START DATA EXTRACT

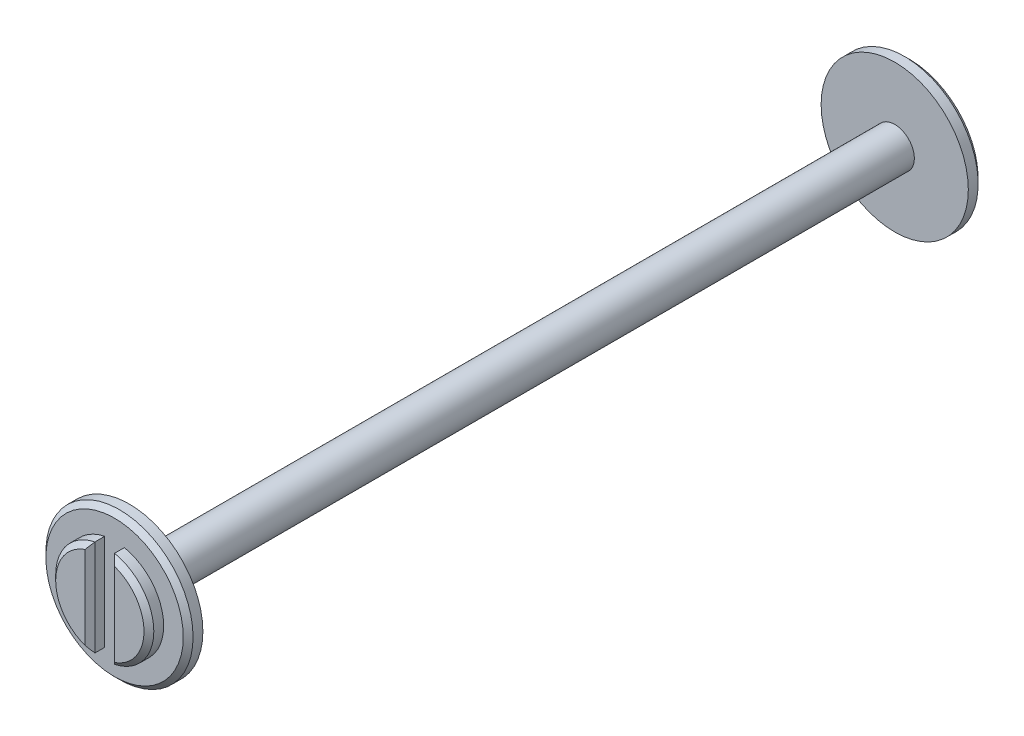
ISO-10303-21;
HEADER;
FILE_DESCRIPTION(('STEP AP214'),'2;1');
FILE_NAME('part.step','',(''),(''),'','','');
FILE_SCHEMA(('AUTOMOTIVE_DESIGN { 1 0 10303 214 1 1 1 1 }'));
ENDSEC;
DATA;
#1=APPLICATION_CONTEXT('core data for automotive mechanical design processes');
#2=APPLICATION_PROTOCOL_DEFINITION('international standard','automotive_design',2000,#1);
#3=PRODUCT_CONTEXT('',#1,'mechanical');
#4=PRODUCT('Part','Part','',(#3));
#5=PRODUCT_RELATED_PRODUCT_CATEGORY('part','',(#4));
#6=PRODUCT_DEFINITION_FORMATION('','',#4);
#7=PRODUCT_DEFINITION_CONTEXT('part definition',#1,'design');
#8=PRODUCT_DEFINITION('design','',#6,#7);
#9=PRODUCT_DEFINITION_SHAPE('','',#8);
#10=(LENGTH_UNIT() NAMED_UNIT(*) SI_UNIT(.MILLI.,.METRE.));
#11=(NAMED_UNIT(*) PLANE_ANGLE_UNIT() SI_UNIT($,.RADIAN.));
#12=(NAMED_UNIT(*) SI_UNIT($,.STERADIAN.) SOLID_ANGLE_UNIT());
#13=UNCERTAINTY_MEASURE_WITH_UNIT(LENGTH_MEASURE(1.E-05),#10,'distance_accuracy_value','');
#14=(GEOMETRIC_REPRESENTATION_CONTEXT(3) GLOBAL_UNCERTAINTY_ASSIGNED_CONTEXT((#13)) GLOBAL_UNIT_ASSIGNED_CONTEXT((#10,
#11,#12)) REPRESENTATION_CONTEXT('',''));
#15=CARTESIAN_POINT('',(0.,0.,0.));
#16=DIRECTION('',(0.,0.,1.));
#17=DIRECTION('',(1.,0.,0.));
#18=AXIS2_PLACEMENT_3D('',#15,#16,#17);
#19=CARTESIAN_POINT('',(0.,0.,3.));
#20=DIRECTION('',(0.,0.,-1.));
#21=DIRECTION('',(-1.,0.,0.));
#22=AXIS2_PLACEMENT_3D('',#19,#20,#21);
#23=CYLINDRICAL_SURFACE('',#22,5.);
#24=DIRECTION('',(0.,0.,-1.));
#25=VECTOR('',#24,1.);
#26=CARTESIAN_POINT('',(1.,4.89897948556636,3.));
#27=LINE('',#26,#25);
#28=CARTESIAN_POINT('',(1.,4.89897948556636,1.5));
#29=VERTEX_POINT('',#28);
#30=CARTESIAN_POINT('',(1.,4.89897948556636,2.49999999999999));
#31=VERTEX_POINT('',#30);
#32=EDGE_CURVE('E234',#29,#31,#27,.F.);
#33=ORIENTED_EDGE('',*,*,#32,.T.);
#34=CARTESIAN_POINT('',(0.,0.,2.49999999999999));
#35=DIRECTION('',(0.,0.,1.));
#36=DIRECTION('',(1.,0.,0.));
#37=AXIS2_PLACEMENT_3D('',#34,#35,#36);
#38=CIRCLE('',#37,5.);
#39=CARTESIAN_POINT('',(1.,-4.89897948556636,2.49999999999999));
#40=VERTEX_POINT('',#39);
#41=EDGE_CURVE('E299',#31,#40,#38,.F.);
#42=ORIENTED_EDGE('',*,*,#41,.T.);
#43=DIRECTION('',(0.,0.,-1.));
#44=VECTOR('',#43,1.);
#45=CARTESIAN_POINT('',(1.,-4.89897948556636,3.));
#46=LINE('',#45,#44);
#47=CARTESIAN_POINT('',(1.,-4.89897948556636,1.5));
#48=VERTEX_POINT('',#47);
#49=EDGE_CURVE('E237',#40,#48,#46,.T.);
#50=ORIENTED_EDGE('',*,*,#49,.T.);
#51=CARTESIAN_POINT('',(0.,0.,1.5));
#52=DIRECTION('',(0.,0.,1.));
#53=DIRECTION('',(1.,0.,0.));
#54=AXIS2_PLACEMENT_3D('',#51,#52,#53);
#55=CIRCLE('',#54,5.);
#56=EDGE_CURVE('E247',#48,#29,#55,.T.);
#57=ORIENTED_EDGE('',*,*,#56,.T.);
#58=EDGE_LOOP('',(#33,#42,#50,#57));
#59=FACE_BOUND('',#58,.T.);
#60=ADVANCED_FACE('F55',(#59),#23,.T.);
#61=CARTESIAN_POINT('',(0.,0.,3.));
#62=DIRECTION('',(0.,0.,1.));
#63=DIRECTION('',(1.,0.,0.));
#64=AXIS2_PLACEMENT_3D('',#61,#62,#63);
#65=PLANE('',#64);
#66=DIRECTION('',(0.,-1.,0.));
#67=VECTOR('',#66,1.);
#68=CARTESIAN_POINT('',(1.50000000000001,-4.89897948556636,3.));
#69=LINE('',#68,#67);
#70=CARTESIAN_POINT('',(1.50000000000001,4.24264068711927,3.));
#71=VERTEX_POINT('',#70);
#72=CARTESIAN_POINT('',(1.50000000000001,-4.24264068711927,3.));
#73=VERTEX_POINT('',#72);
#74=EDGE_CURVE('E292',#71,#73,#69,.T.);
#75=ORIENTED_EDGE('',*,*,#74,.T.);
#76=CARTESIAN_POINT('',(0.,0.,3.));
#77=DIRECTION('',(0.,0.,1.));
#78=DIRECTION('',(1.,0.,0.));
#79=AXIS2_PLACEMENT_3D('',#76,#77,#78);
#80=CIRCLE('',#79,4.49999999999999);
#81=EDGE_CURVE('E295',#73,#71,#80,.T.);
#82=ORIENTED_EDGE('',*,*,#81,.T.);
#83=EDGE_LOOP('',(#75,#82));
#84=FACE_BOUND('',#83,.T.);
#85=ADVANCED_FACE('F469',(#84),#65,.T.);
#86=CARTESIAN_POINT('',(0.,0.,1.5));
#87=DIRECTION('',(0.,0.,-1.));
#88=DIRECTION('',(-1.,0.,0.));
#89=AXIS2_PLACEMENT_3D('',#86,#87,#88);
#90=CYLINDRICAL_SURFACE('',#89,7.50000000000001);
#91=CARTESIAN_POINT('',(0.,0.,0.999999999999994));
#92=DIRECTION('',(0.,0.,1.));
#93=DIRECTION('',(1.,0.,0.));
#94=AXIS2_PLACEMENT_3D('',#91,#92,#93);
#95=CIRCLE('',#94,7.50000000000001);
#96=CARTESIAN_POINT('',(7.50000000000001,0.,0.999999999999994));
#97=VERTEX_POINT('',#96);
#98=EDGE_CURVE('E11',#97,#97,#95,.F.);
#99=ORIENTED_EDGE('',*,*,#98,.T.);
#100=EDGE_LOOP('',(#99));
#101=FACE_BOUND('',#100,.T.);
#102=CARTESIAN_POINT('',(0.,0.,0.));
#103=DIRECTION('',(0.,0.,1.));
#104=DIRECTION('',(1.,0.,0.));
#105=AXIS2_PLACEMENT_3D('',#102,#103,#104);
#106=CIRCLE('',#105,7.50000000000001);
#107=CARTESIAN_POINT('',(7.50000000000001,0.,0.));
#108=VERTEX_POINT('',#107);
#109=EDGE_CURVE('E240',#108,#108,#106,.T.);
#110=ORIENTED_EDGE('',*,*,#109,.T.);
#111=EDGE_LOOP('',(#110));
#112=FACE_BOUND('',#111,.T.);
#113=ADVANCED_FACE('F476',(#101,#112),#90,.T.);
#114=CARTESIAN_POINT('',(0.,0.,1.5));
#115=DIRECTION('',(0.,0.,1.));
#116=DIRECTION('',(1.,0.,0.));
#117=AXIS2_PLACEMENT_3D('',#114,#115,#116);
#118=PLANE('',#117);
#119=CARTESIAN_POINT('',(0.,0.,1.5));
#120=DIRECTION('',(0.,0.,1.));
#121=DIRECTION('',(1.,0.,0.));
#122=AXIS2_PLACEMENT_3D('',#119,#120,#121);
#123=CIRCLE('',#122,7.);
#124=CARTESIAN_POINT('',(7.,0.,1.5));
#125=VERTEX_POINT('',#124);
#126=EDGE_CURVE('E72',#125,#125,#123,.T.);
#127=ORIENTED_EDGE('',*,*,#126,.T.);
#128=EDGE_LOOP('',(#127));
#129=FACE_BOUND('',#128,.T.);
#130=ORIENTED_EDGE('',*,*,#56,.F.);
#131=DIRECTION('',(0.,1.,0.));
#132=VECTOR('',#131,1.);
#133=CARTESIAN_POINT('',(1.,-6.,1.5));
#134=LINE('',#133,#132);
#135=EDGE_CURVE('E209',#48,#29,#134,.T.);
#136=ORIENTED_EDGE('',*,*,#135,.T.);
#137=EDGE_LOOP('',(#130,#136));
#138=FACE_BOUND('',#137,.T.);
#139=CARTESIAN_POINT('',(-1.,4.89897948556636,1.5));
#140=VERTEX_POINT('',#139);
#141=CARTESIAN_POINT('',(-1.,-4.89897948556636,1.5));
#142=VERTEX_POINT('',#141);
#143=EDGE_CURVE('E246',#140,#142,#55,.T.);
#144=ORIENTED_EDGE('',*,*,#143,.F.);
#145=DIRECTION('',(0.,-1.,0.));
#146=VECTOR('',#145,1.);
#147=CARTESIAN_POINT('',(-1.,-6.,1.5));
#148=LINE('',#147,#146);
#149=EDGE_CURVE('E223',#140,#142,#148,.T.);
#150=ORIENTED_EDGE('',*,*,#149,.T.);
#151=EDGE_LOOP('',(#144,#150));
#152=FACE_BOUND('',#151,.T.);
#153=ADVANCED_FACE('F490',(#129,#138,#152),#118,.T.);
#154=CARTESIAN_POINT('',(0.,0.,0.));
#155=DIRECTION('',(0.,0.,1.));
#156=DIRECTION('',(1.,0.,0.));
#157=AXIS2_PLACEMENT_3D('',#154,#155,#156);
#158=PLANE('',#157);
#159=CARTESIAN_POINT('',(0.,0.,0.));
#160=DIRECTION('',(0.,0.,-1.));
#161=DIRECTION('',(-1.,0.,0.));
#162=AXIS2_PLACEMENT_3D('',#159,#160,#161);
#163=CIRCLE('',#162,2.);
#164=CARTESIAN_POINT('',(-2.,0.,0.));
#165=VERTEX_POINT('',#164);
#166=EDGE_CURVE('E241',#165,#165,#163,.T.);
#167=ORIENTED_EDGE('',*,*,#166,.F.);
#168=EDGE_LOOP('',(#167));
#169=FACE_BOUND('',#168,.T.);
#170=ORIENTED_EDGE('',*,*,#109,.F.);
#171=EDGE_LOOP('',(#170));
#172=FACE_BOUND('',#171,.T.);
#173=ADVANCED_FACE('F482',(#169,#172),#158,.F.);
#174=DIRECTION('',(0.,0.,-1.));
#175=VECTOR('',#174,1.);
#176=CARTESIAN_POINT('',(-1.,-4.89897948556636,3.));
#177=LINE('',#176,#175);
#178=CARTESIAN_POINT('',(-1.,-4.89897948556636,2.49999999999999));
#179=VERTEX_POINT('',#178);
#180=EDGE_CURVE('E227',#142,#179,#177,.F.);
#181=ORIENTED_EDGE('',*,*,#180,.T.);
#182=CARTESIAN_POINT('',(0.,0.,2.49999999999999));
#183=DIRECTION('',(0.,0.,1.));
#184=DIRECTION('',(1.,0.,0.));
#185=AXIS2_PLACEMENT_3D('',#182,#183,#184);
#186=CIRCLE('',#185,5.);
#187=CARTESIAN_POINT('',(-1.,4.89897948556636,2.49999999999999));
#188=VERTEX_POINT('',#187);
#189=EDGE_CURVE('E285',#179,#188,#186,.F.);
#190=ORIENTED_EDGE('',*,*,#189,.T.);
#191=DIRECTION('',(0.,0.,-1.));
#192=VECTOR('',#191,1.);
#193=CARTESIAN_POINT('',(-1.,4.89897948556636,3.));
#194=LINE('',#193,#192);
#195=EDGE_CURVE('E231',#188,#140,#194,.T.);
#196=ORIENTED_EDGE('',*,*,#195,.T.);
#197=ORIENTED_EDGE('',*,*,#143,.T.);
#198=EDGE_LOOP('',(#181,#190,#196,#197));
#199=FACE_BOUND('',#198,.T.);
#200=ADVANCED_FACE('F472',(#199),#23,.T.);
#201=DIRECTION('',(0.,1.,0.));
#202=VECTOR('',#201,1.);
#203=CARTESIAN_POINT('',(-1.50000000000001,4.89897948556636,3.));
#204=LINE('',#203,#202);
#205=CARTESIAN_POINT('',(-1.50000000000001,-4.24264068711928,3.));
#206=VERTEX_POINT('',#205);
#207=CARTESIAN_POINT('',(-1.50000000000001,4.24264068711928,3.));
#208=VERTEX_POINT('',#207);
#209=EDGE_CURVE('E278',#206,#208,#204,.T.);
#210=ORIENTED_EDGE('',*,*,#209,.T.);
#211=CARTESIAN_POINT('',(0.,0.,3.));
#212=DIRECTION('',(0.,0.,1.));
#213=DIRECTION('',(1.,0.,0.));
#214=AXIS2_PLACEMENT_3D('',#211,#212,#213);
#215=CIRCLE('',#214,4.49999999999999);
#216=EDGE_CURVE('E281',#208,#206,#215,.T.);
#217=ORIENTED_EDGE('',*,*,#216,.T.);
#218=EDGE_LOOP('',(#210,#217));
#219=FACE_BOUND('',#218,.T.);
#220=ADVANCED_FACE('F479',(#219),#65,.T.);
#221=CARTESIAN_POINT('',(0.,0.,-39.));
#222=DIRECTION('',(0.,0.,1.));
#223=DIRECTION('',(1.,0.,0.));
#224=AXIS2_PLACEMENT_3D('',#221,#222,#223);
#225=CYLINDRICAL_SURFACE('',#224,2.);
#226=ORIENTED_EDGE('',*,*,#166,.T.);
#227=EDGE_LOOP('',(#226));
#228=FACE_BOUND('',#227,.T.);
#229=CARTESIAN_POINT('',(0.,0.,-78.));
#230=DIRECTION('',(0.,0.,-1.));
#231=DIRECTION('',(-1.,0.,0.));
#232=AXIS2_PLACEMENT_3D('',#229,#230,#231);
#233=CIRCLE('',#232,2.);
#234=CARTESIAN_POINT('',(-2.,0.,-78.));
#235=VERTEX_POINT('',#234);
#236=EDGE_CURVE('E203',#235,#235,#233,.T.);
#237=ORIENTED_EDGE('',*,*,#236,.F.);
#238=EDGE_LOOP('',(#237));
#239=FACE_BOUND('',#238,.T.);
#240=ADVANCED_FACE('F488',(#228,#239),#225,.T.);
#241=CARTESIAN_POINT('',(1.,-6.,1.5));
#242=DIRECTION('',(1.,0.,0.));
#243=DIRECTION('',(0.,0.,-1.));
#244=AXIS2_PLACEMENT_3D('',#241,#242,#243);
#245=PLANE('',#244);
#246=ORIENTED_EDGE('',*,*,#49,.F.);
#247=DIRECTION('',(0.,1.,0.));
#248=VECTOR('',#247,1.);
#249=CARTESIAN_POINT('',(1.,4.89897948556636,2.49999999999999));
#250=LINE('',#249,#248);
#251=EDGE_CURVE('E83',#40,#31,#250,.T.);
#252=ORIENTED_EDGE('',*,*,#251,.T.);
#253=ORIENTED_EDGE('',*,*,#32,.F.);
#254=ORIENTED_EDGE('',*,*,#135,.F.);
#255=EDGE_LOOP('',(#246,#252,#253,#254));
#256=FACE_BOUND('',#255,.T.);
#257=ADVANCED_FACE('F513',(#256),#245,.F.);
#258=CARTESIAN_POINT('',(-1.,-6.,1.5));
#259=DIRECTION('',(-1.,0.,0.));
#260=DIRECTION('',(0.,0.,1.));
#261=AXIS2_PLACEMENT_3D('',#258,#259,#260);
#262=PLANE('',#261);
#263=ORIENTED_EDGE('',*,*,#195,.F.);
#264=DIRECTION('',(0.,-1.,0.));
#265=VECTOR('',#264,1.);
#266=CARTESIAN_POINT('',(-1.,-4.89897948556636,2.49999999999999));
#267=LINE('',#266,#265);
#268=EDGE_CURVE('E289',#188,#179,#267,.T.);
#269=ORIENTED_EDGE('',*,*,#268,.T.);
#270=ORIENTED_EDGE('',*,*,#180,.F.);
#271=ORIENTED_EDGE('',*,*,#149,.F.);
#272=EDGE_LOOP('',(#263,#269,#270,#271));
#273=FACE_BOUND('',#272,.T.);
#274=ADVANCED_FACE('F463',(#273),#262,.F.);
#275=CARTESIAN_POINT('',(0.,0.,-81.));
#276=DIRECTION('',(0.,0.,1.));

END DATA EXTRACT

EXERCISE DIRECTIONS — Starting at the line that has "#180=EDGE_CURVE('E227',#142,#179,#177,.F.);" in the records above, restate word for word every line until the one that has "#225=CYLINDRICAL_SURFACE('',#224,2.);", and include that one as well.

RESPONSE FOR THIS EXERCISE —
#180=EDGE_CURVE('E227',#142,#179,#177,.F.);
#181=ORIENTED_EDGE('',*,*,#180,.T.);
#182=CARTESIAN_POINT('',(0.,0.,2.49999999999999));
#183=DIRECTION('',(0.,0.,1.));
#184=DIRECTION('',(1.,0.,0.));
#185=AXIS2_PLACEMENT_3D('',#182,#183,#184);
#186=CIRCLE('',#185,5.);
#187=CARTESIAN_POINT('',(-1.,4.89897948556636,2.49999999999999));
#188=VERTEX_POINT('',#187);
#189=EDGE_CURVE('E285',#179,#188,#186,.F.);
#190=ORIENTED_EDGE('',*,*,#189,.T.);
#191=DIRECTION('',(0.,0.,-1.));
#192=VECTOR('',#191,1.);
#193=CARTESIAN_POINT('',(-1.,4.89897948556636,3.));
#194=LINE('',#193,#192);
#195=EDGE_CURVE('E231',#188,#140,#194,.T.);
#196=ORIENTED_EDGE('',*,*,#195,.T.);
#197=ORIENTED_EDGE('',*,*,#143,.T.);
#198=EDGE_LOOP('',(#181,#190,#196,#197));
#199=FACE_BOUND('',#198,.T.);
#200=ADVANCED_FACE('F472',(#199),#23,.T.);
#201=DIRECTION('',(0.,1.,0.));
#202=VECTOR('',#201,1.);
#203=CARTESIAN_POINT('',(-1.50000000000001,4.89897948556636,3.));
#204=LINE('',#203,#202);
#205=CARTESIAN_POINT('',(-1.50000000000001,-4.24264068711928,3.));
#206=VERTEX_POINT('',#205);
#207=CARTESIAN_POINT('',(-1.50000000000001,4.24264068711928,3.));
#208=VERTEX_POINT('',#207);
#209=EDGE_CURVE('E278',#206,#208,#204,.T.);
#210=ORIENTED_EDGE('',*,*,#209,.T.);
#211=CARTESIAN_POINT('',(0.,0.,3.));
#212=DIRECTION('',(0.,0.,1.));
#213=DIRECTION('',(1.,0.,0.));
#214=AXIS2_PLACEMENT_3D('',#211,#212,#213);
#215=CIRCLE('',#214,4.49999999999999);
#216=EDGE_CURVE('E281',#208,#206,#215,.T.);
#217=ORIENTED_EDGE('',*,*,#216,.T.);
#218=EDGE_LOOP('',(#210,#217));
#219=FACE_BOUND('',#218,.T.);
#220=ADVANCED_FACE('F479',(#219),#65,.T.);
#221=CARTESIAN_POINT('',(0.,0.,-39.));
#222=DIRECTION('',(0.,0.,1.));
#223=DIRECTION('',(1.,0.,0.));
#224=AXIS2_PLACEMENT_3D('',#221,#222,#223);
#225=CYLINDRICAL_SURFACE('',#224,2.);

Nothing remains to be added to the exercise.